Planks are a wonderful exercise for trunk, hip and shoulder stability and moving planks are far more effective and burn more calories than isometric planks. So once you’ve mastered the plank it’s time to start moving in that plank, to start challenging the core and to start burning more calories.
Plank with Walk In:
From the full plank position with hands under shoulders and back straight, walk into a tuck by taking small steps forward and keeping the knees close to the floor and hips down. Then take small steps backwards and return to starting position.
Plank with Walk Around:
From the full plank position, take small steps with both feet to one side then rotate hand and finish in a side plank. Next, walk feet back and around to the other side and rotate into a side plank.

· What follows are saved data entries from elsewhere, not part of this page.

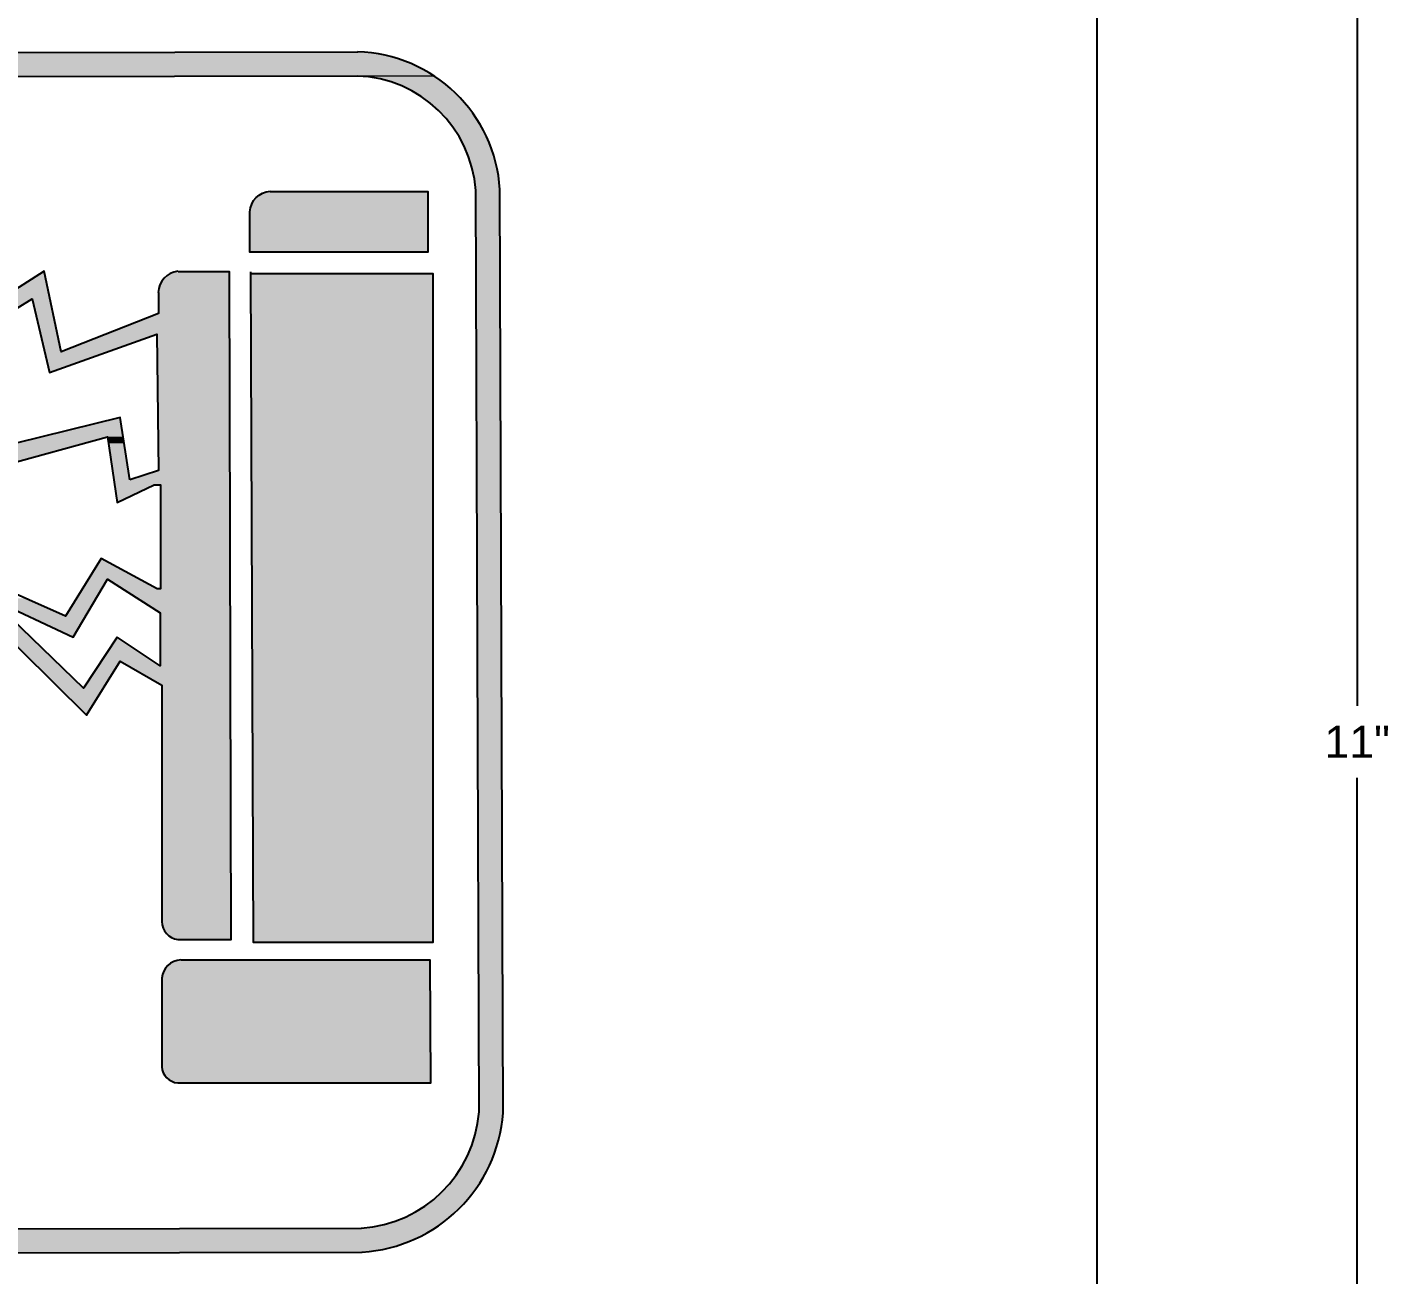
# Model space of a CAD drawing. Header units: feet. Extents: x -1522 to 1718, y -42 to 1309.
# Drawn here: x 1596.634 to 1600.904, y 1267.864 to 1271.767 of the extents above; entities that cross this region are included whole.
import ezdxf

# ---------------------------------------------------------------- set-up
doc = ezdxf.new("R2010")
doc.units = ezdxf.units.FT
doc.header["$MEASUREMENT"] = 0
doc.layers.add('E-DETL', color=7, linetype='Continuous')
doc.styles.add('NEI-A', font='arial.ttf')
doc.dimstyles.new('NEI-A', dxfattribs={"dimtxt": 0.1, "dimasz": 0.125, "dimexe": 0.0625, "dimexo": 0.0625, "dimgap": 0.0625, "dimtad": 0, "dimtih": 1, "dimtoh": 1, "dimdec": 4, "dimzin": 3, "dimdsep": 46, "dimlunit": 4, "dimtxsty": 'NEI-A', "dimcen": 0, "dimadec": 0, "dimazin": 0, "dimtfac": 0.75, "dimtdec": 4, "dimtofl": 0, "dimtmove": 0, "dimatfit": 3, "dimfxl": 1, "dimfrac": 1, "dimtolj": 1, "dimtzin": 0, "dimarcsym": 0})

# ---------------------------------------------------------------- blocks, each defined once
blk = doc.blocks.new('*D14')
at = {"layer": 'Defpoints', "color": 0, "transparency": 16777216}
for p in [(1599.589, 1274.8496), (1599.7123, 1264.3321), (1600.7962, 1264.3321)]:
    blk.add_point(p, dxfattribs=at)
at = {"layer": 'E-DETL', "color": 0, "lineweight": -2, "transparency": 16777216}
for p, q in [((1599.6515, 1274.8496), (1600.8587, 1274.8496)), ((1600.7962, 1274.7246), (1600.7962, 1269.6439)), ((1600.7962, 1264.4571), (1600.7962, 1269.4185)), ((1599.7748, 1264.3321), (1600.8587, 1264.3321))]:
    blk.add_line(p, q, dxfattribs=at)
at = {"layer": 'E-DETL', "color": 0, "transparency": 16777216}
for points in [[(1600.7753, 1274.7246), (1600.817, 1274.7246), (1600.7962, 1274.8496)], [(1600.7753, 1264.4571), (1600.817, 1264.4571), (1600.7962, 1264.3321)]]:
    blk.add_solid(points, dxfattribs=at)
at = {"layer": 'E-DETL', "color": 0, "transparency": 16777216, "insert": (1600.7962, 1269.5312), "char_height": 0.1, "attachment_point": 5, "style": 'NEI-A'}
blk.add_mtext('\\A1;11"', dxfattribs=at)

msp = doc.modelspace()

# ---------------------------------------------------------------- hatches: boundary and pattern name
at = {"layer": 'Defpoints', "transparency": 33554559}
for points in [[(1597.71479, 1271.68545), (1597.45562, 1271.68878), (1595.55145, 1271.68545)], [(1597.67729, 1271.68878), (1597.45562, 1271.68878), (1597.71479, 1271.68545)], [(1597.85645, 1271.64295), (1594.65895, 1271.65462), (1594.62979, 1271.64295)], [(1597.82895, 1271.65462), (1594.66645, 1271.65795), (1594.65895, 1271.65462)], [(1597.82895, 1271.65462), (1594.65895, 1271.65462), (1597.85645, 1271.64295)], [(1597.82229, 1271.65795), (1594.69395, 1271.66712), (1594.66645, 1271.65795)], [(1597.82229, 1271.65795), (1594.66645, 1271.65795), (1597.82895, 1271.65462)], [(1597.79645, 1271.66712), (1594.70645, 1271.66962), (1594.69395, 1271.66712)], [(1597.79645, 1271.66712), (1594.69395, 1271.66712), (1597.82229, 1271.65795)], [(1597.78729, 1271.66962), (1594.73062, 1271.67545), (1594.70645, 1271.66962)], [(1597.78729, 1271.66962), (1594.70645, 1271.66962), (1597.79645, 1271.66712)], [(1597.76479, 1271.67545), (1594.75312, 1271.67878), (1594.73062, 1271.67545)], [(1597.76479, 1271.67545), (1594.73062, 1271.67545), (1597.78729, 1271.66962)], [(1597.75145, 1271.67878), (1594.76729, 1271.68128), (1594.75312, 1271.67878)], [(1597.75145, 1271.67878), (1594.75312, 1271.67878), (1597.76479, 1271.67545)], [(1597.73812, 1271.68128), (1594.80479, 1271.68378), (1594.76729, 1271.68128)], [(1597.73812, 1271.68128), (1594.76729, 1271.68128), (1597.75145, 1271.67878)], [(1597.72229, 1271.68378), (1595.55145, 1271.68545), (1594.80479, 1271.68378)], [(1597.72229, 1271.68378), (1594.80479, 1271.68378), (1597.73812, 1271.68128)], [(1597.71479, 1271.68545), (1595.55145, 1271.68545), (1597.72229, 1271.68378)], [(1597.90645, 1271.61378), (1594.59145, 1271.62295), (1594.57729, 1271.61378)], [(1597.64145, 1271.61378), (1594.57729, 1271.61378), (1594.80562, 1271.60878)], [(1597.89229, 1271.62295), (1594.59562, 1271.62462), (1594.59145, 1271.62295)], [(1597.89229, 1271.62295), (1594.59145, 1271.62295), (1597.90645, 1271.61378)], [(1597.88895, 1271.62462), (1594.62395, 1271.64045), (1594.59562, 1271.62462)], [(1597.88895, 1271.62462), (1594.59562, 1271.62462), (1597.89229, 1271.62295)], [(1597.86062, 1271.64045), (1594.62979, 1271.64295), (1594.62395, 1271.64045)], [(1597.86062, 1271.64045), (1594.62395, 1271.64045), (1597.88895, 1271.62462)], [(1597.85645, 1271.64295), (1594.62979, 1271.64295), (1597.86062, 1271.64045)], [(1597.91229, 1271.61045), (1597.67645, 1271.61378), (1597.71062, 1271.61045)], [(1597.90645, 1271.61378), (1597.67645, 1271.61378), (1597.91229, 1271.61045)], [(1597.92062, 1271.60462), (1597.71062, 1271.61045), (1597.73895, 1271.60462)], [(1597.91229, 1271.61045), (1597.71062, 1271.61045), (1597.92062, 1271.60462)], [(1597.92229, 1271.60378), (1597.73895, 1271.60462), (1597.74479, 1271.60378)], [(1597.92062, 1271.60462), (1597.73895, 1271.60462), (1597.92229, 1271.60378)], [(1597.93479, 1271.59378), (1597.74479, 1271.60378), (1597.77812, 1271.59378)], [(1597.92229, 1271.60378), (1597.74479, 1271.60378), (1597.93479, 1271.59378)], [(1597.94979, 1271.58212), (1597.77812, 1271.59378), (1597.80895, 1271.58212)], [(1597.93479, 1271.59378), (1597.77812, 1271.59378), (1597.94979, 1271.58212)], [(1597.95062, 1271.58128), (1597.80895, 1271.58212), (1597.81062, 1271.58128)], [(1597.94979, 1271.58212), (1597.80895, 1271.58212), (1597.95062, 1271.58128)], [(1597.96812, 1271.56545), (1597.81062, 1271.58128), (1597.84145, 1271.56545)], [(1597.95062, 1271.58128), (1597.81062, 1271.58128), (1597.96812, 1271.56545)], [(1597.97729, 1271.55712), (1597.84145, 1271.56545), (1597.85645, 1271.55712)], [(1597.96812, 1271.56545), (1597.84145, 1271.56545), (1597.97729, 1271.55712)], [(1597.98645, 1271.54712), (1597.85645, 1271.55712), (1597.87145, 1271.54712)], [(1597.97729, 1271.55712), (1597.85645, 1271.55712), (1597.98645, 1271.54712)], [(1598.00312, 1271.52962), (1597.87145, 1271.54712), (1597.89479, 1271.52962)], [(1597.98645, 1271.54712), (1597.87145, 1271.54712), (1598.00312, 1271.52962)], [(1598.00562, 1271.52628), (1597.89479, 1271.52962), (1597.89895, 1271.52628)], [(1598.00312, 1271.52962), (1597.89479, 1271.52962), (1598.00562, 1271.52628)], [(1598.02395, 1271.50295), (1597.89895, 1271.52628), (1597.92479, 1271.50295)], [(1598.00562, 1271.52628), (1597.89895, 1271.52628), (1598.02395, 1271.50295)], [(1598.02645, 1271.50045), (1597.92479, 1271.50295), (1597.92729, 1271.50045)], [(1598.02395, 1271.50295), (1597.92479, 1271.50295), (1598.02645, 1271.50045)], [(1598.04145, 1271.47795), (1597.92729, 1271.50045), (1597.94812, 1271.47795)], [(1598.02645, 1271.50045), (1597.92729, 1271.50045), (1598.04145, 1271.47795)], [(1598.04645, 1271.46962), (1597.94812, 1271.47795), (1597.95479, 1271.46962)], [(1598.04145, 1271.47795), (1597.94812, 1271.47795), (1598.04645, 1271.46962)], [(1598.05729, 1271.44962), (1597.95479, 1271.46962), (1597.96979, 1271.44962)], [(1598.04645, 1271.46962), (1597.95479, 1271.46962), (1598.05729, 1271.44962)], [(1598.06479, 1271.43712), (1597.96979, 1271.44962), (1597.97812, 1271.43712)], [(1598.05729, 1271.44962), (1597.96979, 1271.44962), (1598.06479, 1271.43712)], [(1598.07229, 1271.42045), (1597.97812, 1271.43712), (1597.98812, 1271.42045)], [(1598.06479, 1271.43712), (1597.97812, 1271.43712), (1598.07229, 1271.42045)], [(1598.08062, 1271.40295), (1597.98812, 1271.42045), (1597.99729, 1271.40295)], [(1598.07229, 1271.42045), (1597.98812, 1271.42045), (1598.08062, 1271.40295)], [(1598.08479, 1271.38962), (1597.99729, 1271.40295), (1598.00395, 1271.38962)], [(1598.08062, 1271.40295), (1597.99729, 1271.40295), (1598.08479, 1271.38962)], [(1598.09312, 1271.36795), (1598.00395, 1271.38962), (1598.01312, 1271.36795)], [(1598.08479, 1271.38962), (1598.00395, 1271.38962), (1598.09312, 1271.36795)], [(1598.09562, 1271.35712), (1598.01312, 1271.36795), (1598.01729, 1271.35712)], [(1598.09312, 1271.36795), (1598.01312, 1271.36795), (1598.09562, 1271.35712)], [(1598.10229, 1271.33212), (1598.01729, 1271.35712), (1598.02479, 1271.33212)], [(1598.09562, 1271.35712), (1598.01729, 1271.35712), (1598.10229, 1271.33212)], [(1598.10395, 1271.32378), (1598.02479, 1271.33212), (1598.02729, 1271.32378)], [(1598.10229, 1271.33212), (1598.02479, 1271.33212), (1598.10395, 1271.32378)], [(1598.10979, 1271.29545), (1598.02729, 1271.32378), (1598.03312, 1271.29545)], [(1598.10395, 1271.32378), (1598.02729, 1271.32378), (1598.10979, 1271.29545)], [(1598.10979, 1271.29045), (1598.03312, 1271.29545), (1598.03395, 1271.29045)], [(1598.10979, 1271.29545), (1598.03312, 1271.29545), (1598.10979, 1271.29045)], [(1598.11312, 1271.25795), (1598.03395, 1271.29045), (1598.03812, 1271.25795)], [(1598.10979, 1271.29045), (1598.03395, 1271.29045), (1598.11312, 1271.25795)], [(1597.88729, 1271.21295), (1597.34229, 1271.22378), (1597.33645, 1271.21295)], [(1597.88729, 1271.22378), (1597.35062, 1271.23378), (1597.34229, 1271.22378)], [(1597.88729, 1271.22378), (1597.34229, 1271.22378), (1597.88729, 1271.21295)], [(1597.88729, 1271.23378), (1597.35979, 1271.24128), (1597.35062, 1271.23378)], [(1597.88729, 1271.23378), (1597.35062, 1271.23378), (1597.88729, 1271.22378)], [(1597.88729, 1271.24128), (1597.37062, 1271.24712), (1597.35979, 1271.24128)], [(1597.88729, 1271.24128), (1597.35979, 1271.24128), (1597.88729, 1271.23378)], [(1597.88729, 1271.24712), (1597.38229, 1271.25128), (1597.37062, 1271.24712)], [(1597.88729, 1271.24712), (1597.37062, 1271.24712), (1597.88729, 1271.24128)], [(1597.88729, 1271.25128), (1597.39395, 1271.25295), (1597.38229, 1271.25128)], [(1597.88729, 1271.25128), (1597.38229, 1271.25128), (1597.88729, 1271.24712)], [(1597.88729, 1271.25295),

If your wrists bother you in a full plank then drop down onto the forearm and walk forward and back or side to side on your forearms and toes. To modify the plank, drop to your knees but continue to shift your body weight from side to side.
There are many variations of the Jack Knife Crunch, each targeting different muscles of the core.
The Straight Leg Jack Knife Crunch targets the abdominals, primarily. Start by lying on your back and extending your legs out straight and arms overhead. Then simultaneously raise the arms to meet the legs above the hips as you contract the abs.
The Bent Leg Jack Knife Crunch puts less pressure on your spine but is still effective for the abs. Begin with the knees bent and raised. Then extend the legs as you simultaneously reach for the feet with the hands.
The next variation is the Single Leg Alternating Jack Knife Crunch which continues to target the abs but also engages the obliques. Start by lying on your back with both legs and arm extended. Bring the arms up to meet the opposite leg and alternate sides.
The final variation is a Side Lying Jack Knife Crunch which targets primarily the obliques. Begin lying on your side with your bottom arm wrapped around your waist and your top elbow bent with your fingers at your ears. Then simultaneously raise your legs and upper body as you contract your obliques and exhale. The range of motion is small, but the results are big.
Battle Ropes are a super effective, full body, low impact training tool that not only develop strength but increases aerobic and anaerobic capacity as well.
The Snow Board Shuffle combines two moves; a lower body ski jump with an upper body alternate vertical arm swing.
The ski jump is a two footed lateral, rotational hop using the quads, hamstrings, adductor muscles including the glutes. While the alternating arm vertical swing incorporates the upper body, mainly the deltoids and stabilizes the core.